Die dabei in Ihnen aufsteigenden Antworten sind maßgebend dafür, wer Sie wirklich sind und was Sie ausmacht. Werte ohne Gefühle, ohne Bilder, sind nicht schlecht aber sie gehören eben noch nicht Ihnen, sondern wurden einfach irgendwann mal übernommen.


Um diese Werte wirklich zu verinnerlichen und in Handlung und Haltung überführen zu können, müssen Sie sich mit deren Bedeutung, die sie für Sie haben, ernsthaft auseinandersetzen. Aber seien Sie nicht enttäuscht, wenn die Bilder und Emotionen etwas auf sich warten lassen. Dazu braucht es manchmal Zeit.


Unreflektiertes nachplappern irgendwelcher Prinzipien hilft Ihnen da also wenig.

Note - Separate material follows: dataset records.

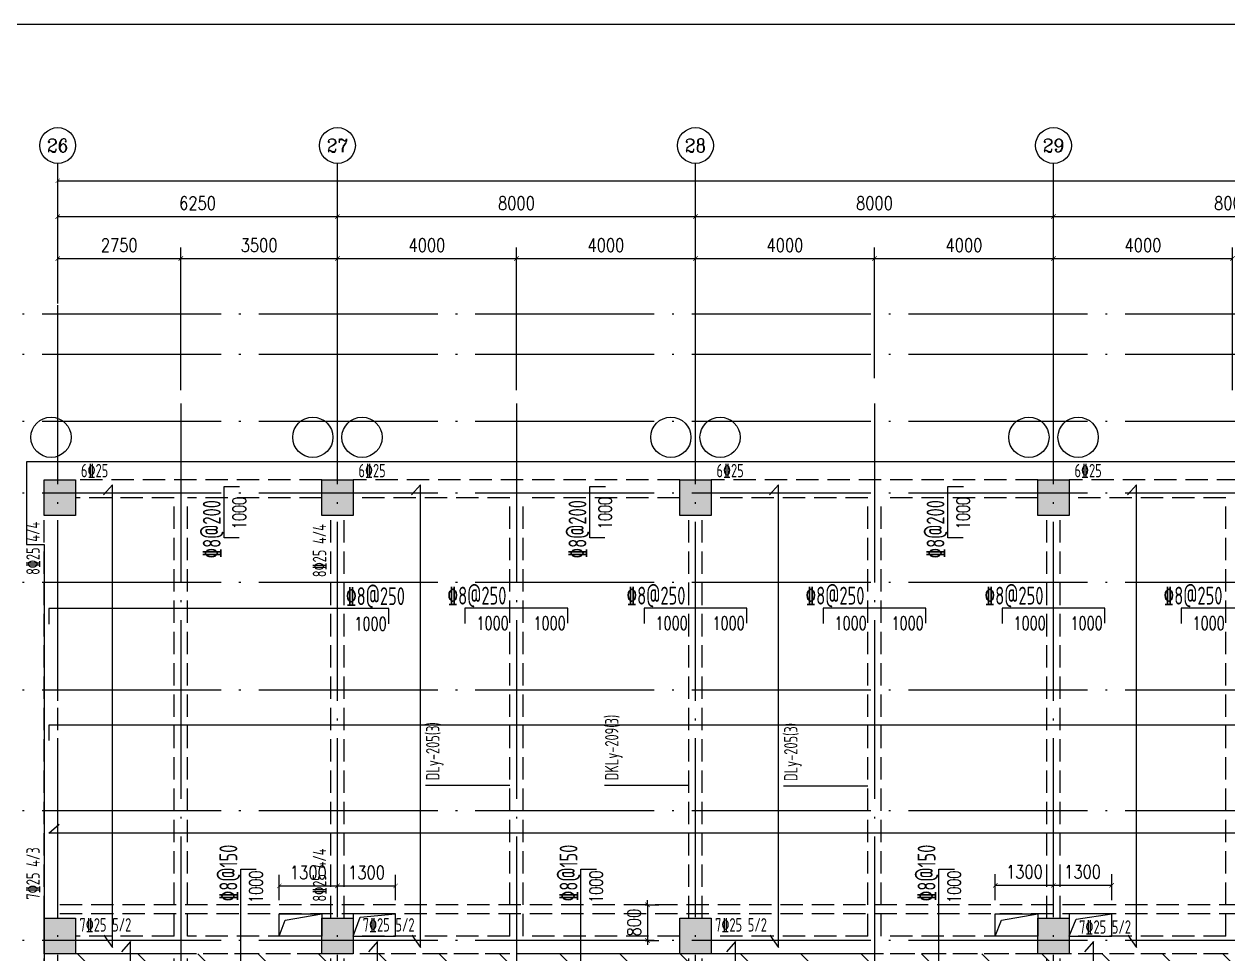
# Model space of a CAD drawing. Header units: millimetres. Extents: x 2998490 to 15040601, y 444546 to 7822218.
# Drawn here: x 14856970 to 14883870, y 7675226 to 7696014 of the extents above; entities that cross this region are included whole.
import ezdxf
from ezdxf.enums import TextEntityAlignment as Align

# ---------------------------------------------------------------- set-up
doc = ezdxf.new("R2010")
doc.units = ezdxf.units.MM
doc.header["$LTSCALE"] = 2000
doc.linetypes.add('DASH', pattern=[0.35, 0.25, -0.1])
doc.linetypes.add('DOTE', pattern=[2.42, 2, -0.2, 0.02, -0.2])
for name, color, linetype in [('3-AXIS', 3, 'Continuous'), ('3-AXIS_TEXT', 7, 'Continuous'), ('3-ban', 84, 'Continuous'), ('3-ban-hatch', 9, 'Continuous'), ('3-ban-rein', 1, 'Continuous'), ('3-ban-TEXT', 7, 'Continuous'), ('3-column-DOWN', 232, 'Continuous'), ('3-COLUMN-UP', 2, 'Continuous'), ('3-dcl', 3, 'Continuous'), ('3-dote', 43, 'DOTE'), ('3-HATCH', 8, 'Continuous'), ('3-liang-rein-X', 54, 'Continuous'), ('3-liang-rein-Y', 130, 'Continuous'), ('3-liang-R截面-Y', 70, 'Continuous'), ('3-liang-s-1', 44, 'Continuous'), ('3-liang-xu', 120, 'DASH'), ('3-装饰线脚', 7, 'Continuous'), ('AXIS', 3, 'Continuous'), ('AXIS_TEXT', 7, 'Continuous'), ('图框', 7, 'Continuous')]:
    doc.layers.add(name, color=color, linetype=linetype)
doc.layers.add('3-零部件', color=73, linetype='Continuous', lineweight=5)
doc.styles.add('_TCH_AXIS', font='COMPLEX', dxfattribs={"bigfont": 'GBCBIG'})
doc.styles.add('COMPLEX', font='COMPLEX')
doc.styles.add('DIM_FONT', font='SIMPLEX', dxfattribs={"width": 0.8, "bigfont": 'HZTXT'})
doc.styles.add('TJ1', font='tj-romans1.shx', dxfattribs={"width": 0.8, "bigfont": 'tj-hztxt1.shx'})
doc.styles.add('TSSD_Rein', font='Tssdeng.shx', dxfattribs={"width": 0.7, "bigfont": 'hztxt.shx'})
doc.dimstyles.new('DIMN100', dxfattribs={"dimtxt": 300, "dimasz": 100, "dimexe": 250, "dimexo": 300, "dimgap": 150, "dimtad": 1, "dimdec": 0, "dimzin": 0, "dimdsep": 46, "dimtxsty": 'DIM_FONT', "dimblk": 'ARCHTICK', "dimcen": 0.09, "dimclrt": 7, "dimazin": 2, "dimtfac": 1, "dimtdec": 0, "dimtix": 1, "dimtmove": 2, "dimatfit": 3, "dimldrblk": 'ARCHTICK', "dimfxl": 0, "dimtolj": 1, "dimtzin": 0, "dimarcsym": 0})

# ---------------------------------------------------------------- blocks, each defined once
blk = doc.blocks.new('_ArchTick')
at = {"color": 0, "linetype": 'ByBlock', "const_width": 0.15}
blk.add_lwpolyline([(-0.5, -0.5), (0.5, 0.5)], dxfattribs=at)
blk = doc.blocks.new('*D595')
at = {"layer": 'AXIS', "color": 0, "lineweight": -2}
for p, q in [((14857722, 7690569), (14857722, 7691960)), ((14863972, 7690569), (14863972, 7691960)), ((14857722, 7691710), (14863972, 7691710))]:
    blk.add_line(p, q, dxfattribs=at)
at = {"layer": 'Defpoints', "color": 0}
for p in [(14863972, 7691710), (14857722, 7690269), (14863972, 7690269)]:
    blk.add_point(p, dxfattribs=at)
at = {"layer": 'AXIS', "color": 0, "lineweight": -2, "xscale": 100, "yscale": 100, "zscale": 100, "rotation": 180}
blk.add_blockref('_ArchTick', (14857722, 7691710), dxfattribs=at)
at = {"layer": 'AXIS', "color": 0, "lineweight": -2, "xscale": 100, "yscale": 100, "zscale": 100}
blk.add_blockref('_ArchTick', (14863972, 7691710), dxfattribs=at)
at = {"layer": 'AXIS', "color": 7, "insert": (14860847, 7692010), "char_height": 300, "attachment_point": 5, "style": 'DIM_FONT'}
blk.add_mtext('\\A1;6250', dxfattribs=at)
blk = doc.blocks.new('*D596')
at = {"layer": 'AXIS', "color": 0, "lineweight": -2}
for p, q in [((14863972, 7690569), (14863972, 7691960)), ((14871972, 7690569), (14871972, 7691960)), ((14863972, 7691710), (14871972, 7691710))]:
    blk.add_line(p, q, dxfattribs=at)
at = {"layer": 'Defpoints', "color": 0}
for p in [(14871972, 7691710), (14863972, 7690269), (14871972, 7690269)]:
    blk.add_point(p, dxfattribs=at)
at = {"layer": 'AXIS', "color": 0, "lineweight": -2, "xscale": 100, "yscale": 100, "zscale": 100, "rotation": 180}
blk.add_blockref('_ArchTick', (14863972, 7691710), dxfattribs=at)
at = {"layer": 'AXIS', "color": 0, "lineweight": -2, "xscale": 100, "yscale": 100, "zscale": 100}
blk.add_blockref('_ArchTick', (14871972, 7691710), dxfattribs=at)
at = {"layer": 'AXIS', "color": 7, "insert": (14867972, 7692010), "char_height": 300, "attachment_point": 5, "style": 'DIM_FONT'}
blk.add_mtext('\\A1;8000', dxfattribs=at)
blk = doc.blocks.new('*D597')
at = {"layer": 'AXIS', "color": 0, "lineweight": -2}
for p, q in [((14871972, 7690569), (14871972, 7691960)), ((14879972, 7690569), (14879972, 7691960)), ((14871972, 7691710), (14879972, 7691710))]:
    blk.add_line(p, q, dxfattribs=at)
at = {"layer": 'Defpoints', "color": 0}
for p in [(14879972, 7691710), (14871972, 7690269), (14879972, 7690269)]:
    blk.add_point(p, dxfattribs=at)
at = {"layer": 'AXIS', "color": 0, "lineweight": -2, "xscale": 100, "yscale": 100, "zscale": 100, "rotation": 180}
blk.add_blockref('_ArchTick', (14871972, 7691710), dxfattribs=at)
at = {"layer": 'AXIS', "color": 0, "lineweight": -2, "xscale": 100, "yscale": 100, "zscale": 100}
blk.add_blockref('_ArchTick', (14879972, 7691710), dxfattribs=at)
at = {"layer": 'AXIS', "color": 7, "insert": (14875972, 7692010), "char_height": 300, "attachment_point": 5, "style": 'DIM_FONT'}
blk.add_mtext('\\A1;8000', dxfattribs=at)
blk = doc.blocks.new('*D598')
at = {"layer": 'AXIS', "color": 0, "lineweight": -2}
for p, q in [((14879972, 7690569), (14879972, 7691960)), ((14887972, 7690569), (14887972, 7691960)), ((14879972, 7691710), (14887972, 7691710))]:
    blk.add_line(p, q, dxfattribs=at)
at = {"layer": 'Defpoints', "color": 0}
for p in [(14887972, 7691710), (14879972, 7690269), (14887972, 7690269)]:
    blk.add_point(p, dxfattribs=at)
at = {"layer": 'AXIS', "color": 0, "lineweight": -2, "xscale": 100, "yscale": 100, "zscale": 100, "rotation": 180}
blk.add_blockref('_ArchTick', (14879972, 7691710), dxfattribs=at)
at = {"layer": 'AXIS', "color": 0, "lineweight": -2, "xscale": 100, "yscale": 100, "zscale": 100}
blk.add_blockref('_ArchTick', (14887972, 7691710), dxfattribs=at)
at = {"layer": 'AXIS', "color": 7, "insert": (14883972, 7692010), "char_height": 300, "attachment_point": 5, "style": 'DIM_FONT'}
blk.add_mtext('\\A1;8000', dxfattribs=at)
blk = doc.blocks.new('*D609')
at = {"layer": 'AXIS', "color": 0, "lineweight": -2}
for p, q in [((14857722, 7689769), (14857722, 7692760)), ((14933972, 7689769), (14933972, 7692760)), ((14857722, 7692510), (14933972, 7692510))]:
    blk.add_line(p, q, dxfattribs=at)
at = {"layer": 'Defpoints', "color": 0}
for p in [(14933972, 7692510), (14857722, 7689469), (14933972, 7689469)]:
    blk.add_point(p, dxfattribs=at)
at = {"layer": 'AXIS', "color": 0, "lineweight": -2, "xscale": 100, "yscale": 100, "zscale": 100, "rotation": 180}
blk.add_blockref('_ArchTick', (14857722, 7692510), dxfattribs=at)
at = {"layer": 'AXIS', "color": 0, "lineweight": -2, "xscale": 100, "yscale": 100, "zscale": 100}
blk.add_blockref('_ArchTick', (14933972, 7692510), dxfattribs=at)
at = {"layer": 'AXIS', "color": 7, "insert": (14895847, 7692810), "char_height": 300, "attachment_point": 5, "style": 'DIM_FONT'}
blk.add_mtext('\\A1;76250', dxfattribs=at)
blk = doc.blocks.new('_AXISO')
blk.add_circle((0, 0), 0.5)
at = {"layer": '3-AXIS_TEXT', "style": 'COMPLEX', "width": 1.041667}
blk.add_attdef('A', text='', height=0.56, dxfattribs=at).set_placement((-0.25, -0.28), (0.25, -0.28), align=Align.FIT)
blk = doc.blocks.new('*D1494')
at = {"layer": '3-零部件', "color": 0, "lineweight": -2}
for p, q in [((14857722, 7689826), (14857722, 7691022)), ((14860472, 7687831), (14860472, 7691022)), ((14857722, 7690772), (14860472, 7690772))]:
    blk.add_line(p, q, dxfattribs=at)
at = {"layer": 'Defpoints', "color": 0}
for p in [(14860472, 7690772), (14857722, 7689526), (14860472, 7687531)]:
    blk.add_point(p, dxfattribs=at)
at = {"layer": '3-零部件', "color": 0, "lineweight": -2, "xscale": 100, "yscale": 100, "zscale": 100, "rotation": 180}
blk.add_blockref('_ArchTick', (14857722, 7690772), dxfattribs=at)
at = {"layer": '3-零部件', "color": 0, "lineweight": -2, "xscale": 100, "yscale": 100, "zscale": 100}
blk.add_blockref('_ArchTick', (14860472, 7690772), dxfattribs=at)
at = {"layer": '3-零部件', "color": 7, "insert": (14859097, 7691072), "char_height": 300, "attachment_point": 5, "style": 'DIM_FONT'}
blk.add_mtext('\\A1;2750', dxfattribs=at)
blk = doc.blocks.new('*D1495')
at = {"layer": '3-零部件', "color": 0, "lineweight": -2}
for p, q in [((14860472, 7687831), (14860472, 7691022)), ((14863972, 7689393), (14863972, 7691022)), ((14860472, 7690772), (14863972, 7690772))]:
    blk.add_line(p, q, dxfattribs=at)
at = {"layer": 'Defpoints', "color": 0}
for p in [(14863972, 7690772), (14863972, 7689093), (14860472, 7687531)]:
    blk.add_point(p, dxfattribs=at)
at = {"layer": '3-零部件', "color": 0, "lineweight": -2, "xscale": 100, "yscale": 100, "zscale": 100, "rotation": 180}
blk.add_blockref('_ArchTick', (14860472, 7690772), dxfattribs=at)
at = {"layer": '3-零部件', "color": 0, "lineweight": -2, "xscale": 100, "yscale": 100, "zscale": 100}
blk.add_blockref('_ArchTick', (14863972, 7690772), dxfattribs=at)
at = {"layer": '3-零部件', "color": 7, "insert": (14862222, 7691072), "char_height": 300, "attachment_point": 5, "style": 'DIM_FONT'}
blk.add_mtext('\\A1;3500', dxfattribs=at)
blk = doc.blocks.new('*D1496')
at = {"layer": '3-零部件', "color": 0, "lineweight": -2}
for p, q in [((14863972, 7689393), (14863972, 7691022)), ((14867972, 7687831), (14867972, 7691022)), ((14863972, 7690772), (14867972, 7690772))]:
    blk.add_line(p, q, dxfattribs=at)
at = {"layer": 'Defpoints', "color": 0}
for p in [(14867972, 7690772), (14863972, 7689093), (14867972, 7687531)]:
    blk.add_point(p, dxfattribs=at)
at = {"layer": '3-零部件', "color": 0, "lineweight": -2, "xscale": 100, "yscale": 100, "zscale": 100, "rotation": 180}
blk.add_blockref('_ArchTick', (14863972, 7690772), dxfattribs=at)
at = {"layer": '3-零部件', "color": 0, "lineweight": -2, "xscale": 100, "yscale": 100, "zscale": 100}
blk.add_blockref('_ArchTick', (14867972, 7690772), dxfattribs=at)
at = {"layer": '3-零部件', "color": 7, "insert": (14865972, 7691072), "char_height": 300, "attachment_point": 5, "style": 'DIM_FONT'}
blk.add_mtext('\\A1;4000', dxfattribs=at)
blk = doc.blocks.new('*D1497')
at = {"layer": '3-零部件', "color": 0, "lineweight": -2}
for p, q in [((14867972, 7687831), (14867972, 7691022)), ((14871972, 7688096), (14871972, 7691022)), ((14867972, 7690772), (14871972, 7690772))]:
    blk.add_line(p, q, dxfattribs=at)
at = {"layer": 'Defpoints', "color": 0}
for p in [(14871972, 7690772), (14871972, 7687796), (14867972, 7687531)]:
    blk.add_point(p, dxfattribs=at)
at = {"layer": '3-零部件', "color": 0, "lineweight": -2, "xscale": 100, "yscale": 100, "zscale": 100, "rotation": 180}
blk.add_blockref('_ArchTick', (14867972, 7690772), dxfattribs=at)
at = {"layer": '3-零部件', "color": 0, "lineweight": -2, "xscale": 100, "yscale": 100, "zscale": 100}
blk.add_blockref('_ArchTick', (14871972, 7690772), dxfattribs=at)
at = {"layer": '3-零部件', "color": 7, "insert": (14869972, 7691072), "char_height": 300, "attachment_point": 5, "style": 'DIM_FONT'}
blk.add_mtext('\\A1;4000', dxfattribs=at)
blk = doc.blocks.new('*D1498')
at = {"layer": '3-零部件', "color": 0, "lineweight": -2}
for p, q in [((14871972, 7688096), (14871972, 7691022)), ((14875972, 7688096), (14875972, 7691022)), ((14871972, 7690772), (14875972, 7690772))]:
    blk.add_line(p, q, dxfattribs=at)
at = {"layer": 'Defpoints', "color": 0}
for p in [(14875972, 7690772), (14871972, 7687796), (14875972, 7687796)]:
    blk.add_point(p, dxfattribs=at)
at = {"layer": '3-零部件', "color": 0, "lineweight": -2, "xscale": 100, "yscale": 100, "zscale": 100, "rotation": 180}
blk.add_blockref('_ArchTick', (14871972, 7690772), dxfattribs=at)
at = {"layer": '3-零部件', "color": 0, "lineweight": -2, "xscale": 100, "yscale": 100, "zscale": 100}
blk.add_blockref('_ArchTick', (14875972, 7690772), dxfattribs=at)
at = {"layer": '3-零部件', "color": 7, "insert": (14873972, 7691072), "char_height": 300, "attachment_point": 5, "style": 'DIM_FONT'}
blk.add_mtext('\\A1;4000', dxfattribs=at)
blk = doc.blocks.new('*D1499')
at = {"layer": '3-零部件', "color": 0, "lineweight": -2}
for p, q in [((14875972, 7688096), (14875972, 7691022)), ((14879972, 7688467), (14879972, 7691022)), ((14875972, 7690772), (14879972, 7690772))]:
    blk.add_line(p, q, dxfattribs=at)
at = {"layer": 'Defpoints', "color": 0}
for p in [(14879972, 7690772), (14879972, 7688167), (14875972, 7687796)]:
    blk.add_point(p, dxfattribs=at)
at = {"layer": '3-零部件', "color": 0, "lineweight": -2, "xscale": 100, "yscale": 100, "zscale": 100, "rotation": 180}
blk.add_blockref('_ArchTick', (14875972, 7690772), dxfattribs=at)
at = {"layer": '3-零部件', "color": 0, "lineweight": -2, "xscale": 100, "yscale": 100, "zscale": 100}
blk.add_blockref('_ArchTick', (14879972, 7690772), dxfattribs=at)
at = {"layer": '3-零部件', "color": 7, "insert": (14877972, 7691072), "char_height": 300, "attachment_point": 5, "style": 'DIM_FONT'}
blk.add_mtext('\\A1;4000', dxfattribs=at)
blk = doc.blocks.new('*D1500')
at = {"layer": '3-零部件', "color": 0, "lineweight": -2}
for p, q in [((14879972, 7688467), (14879972, 7691022)), ((14883972, 7687831), (14883972, 7691022)), ((14879972, 7690772), (14883972, 7690772))]:
    blk.add_line(p, q, dxfattribs=at)
at = {"layer": 'Defpoints', "color": 0}
for p in [(14883972, 7690772), (14879972, 7688167), (14883972, 7687531)]:
    blk.add_point(p, dxfattribs=at)
at = {"layer": '3-零部件', "color": 0, "lineweight": -2, "xscale": 100, "yscale": 100, "zscale": 100, "rotation": 180}
blk.add_blockref('_ArchTick', (14879972, 7690772), dxfattribs=at)
at = {"layer": '3-零部件', "color": 0, "lineweight": -2, "xscale": 100, "yscale": 100, "zscale": 100}
blk.add_blockref('_ArchTick', (14883972, 7690772), dxfattribs=at)
at = {"layer": '3-零部件', "color": 7, "insert": (14881972, 7691072), "char_height": 300, "attachment_point": 5, "style": 'DIM_FONT'}
blk.add_mtext('\\A1;4000', dxfattribs=at)
blk = doc.blocks.new('*D1863')
at = {"layer": '3-ban', "color": 0, "lineweight": -2}
for p, q in [((14870849, 7676326), (14871150, 7676326)), ((14870900, 7676326), (14870900, 7676426)), ((14870900, 7676326), (14870900, 7675526)), ((14870849, 7675526), (14871150, 7675526)), ((14870900, 7675526), (14870900, 7675426))]:
    blk.add_line(p, q, dxfattribs=at)
at = {"layer": 'Defpoints', "color": 0}
for p in [(14870549, 7676326), (14870549, 7675526), (14870900, 7675526)]:
    blk.add_point(p, dxfattribs=at)
at = {"layer": '3-ban', "color": 0, "lineweight": -2, "xscale": 100, "yscale": 100, "zscale": 100}
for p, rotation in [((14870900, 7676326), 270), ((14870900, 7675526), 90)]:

Damit schaffen Sie nur Inkongruenzen.


Es hilft uns also nicht, alle die polierten Werte, aus welcher Bewegung diese gerade auch immer kommen, einfach in unser Portfolio zu übernehmen. Vielmehr müssen wir beginnen, sie zu leben, zu fühlen, zu verinnerlichen und sie somit in unseren Wesenskern überführen zu können.


Ernst gemeinte Werte brauchen weder Dank noch Bewunderung.


Sie sind eingeschmiedet in die Persönlichkeit. Und sie sind echt.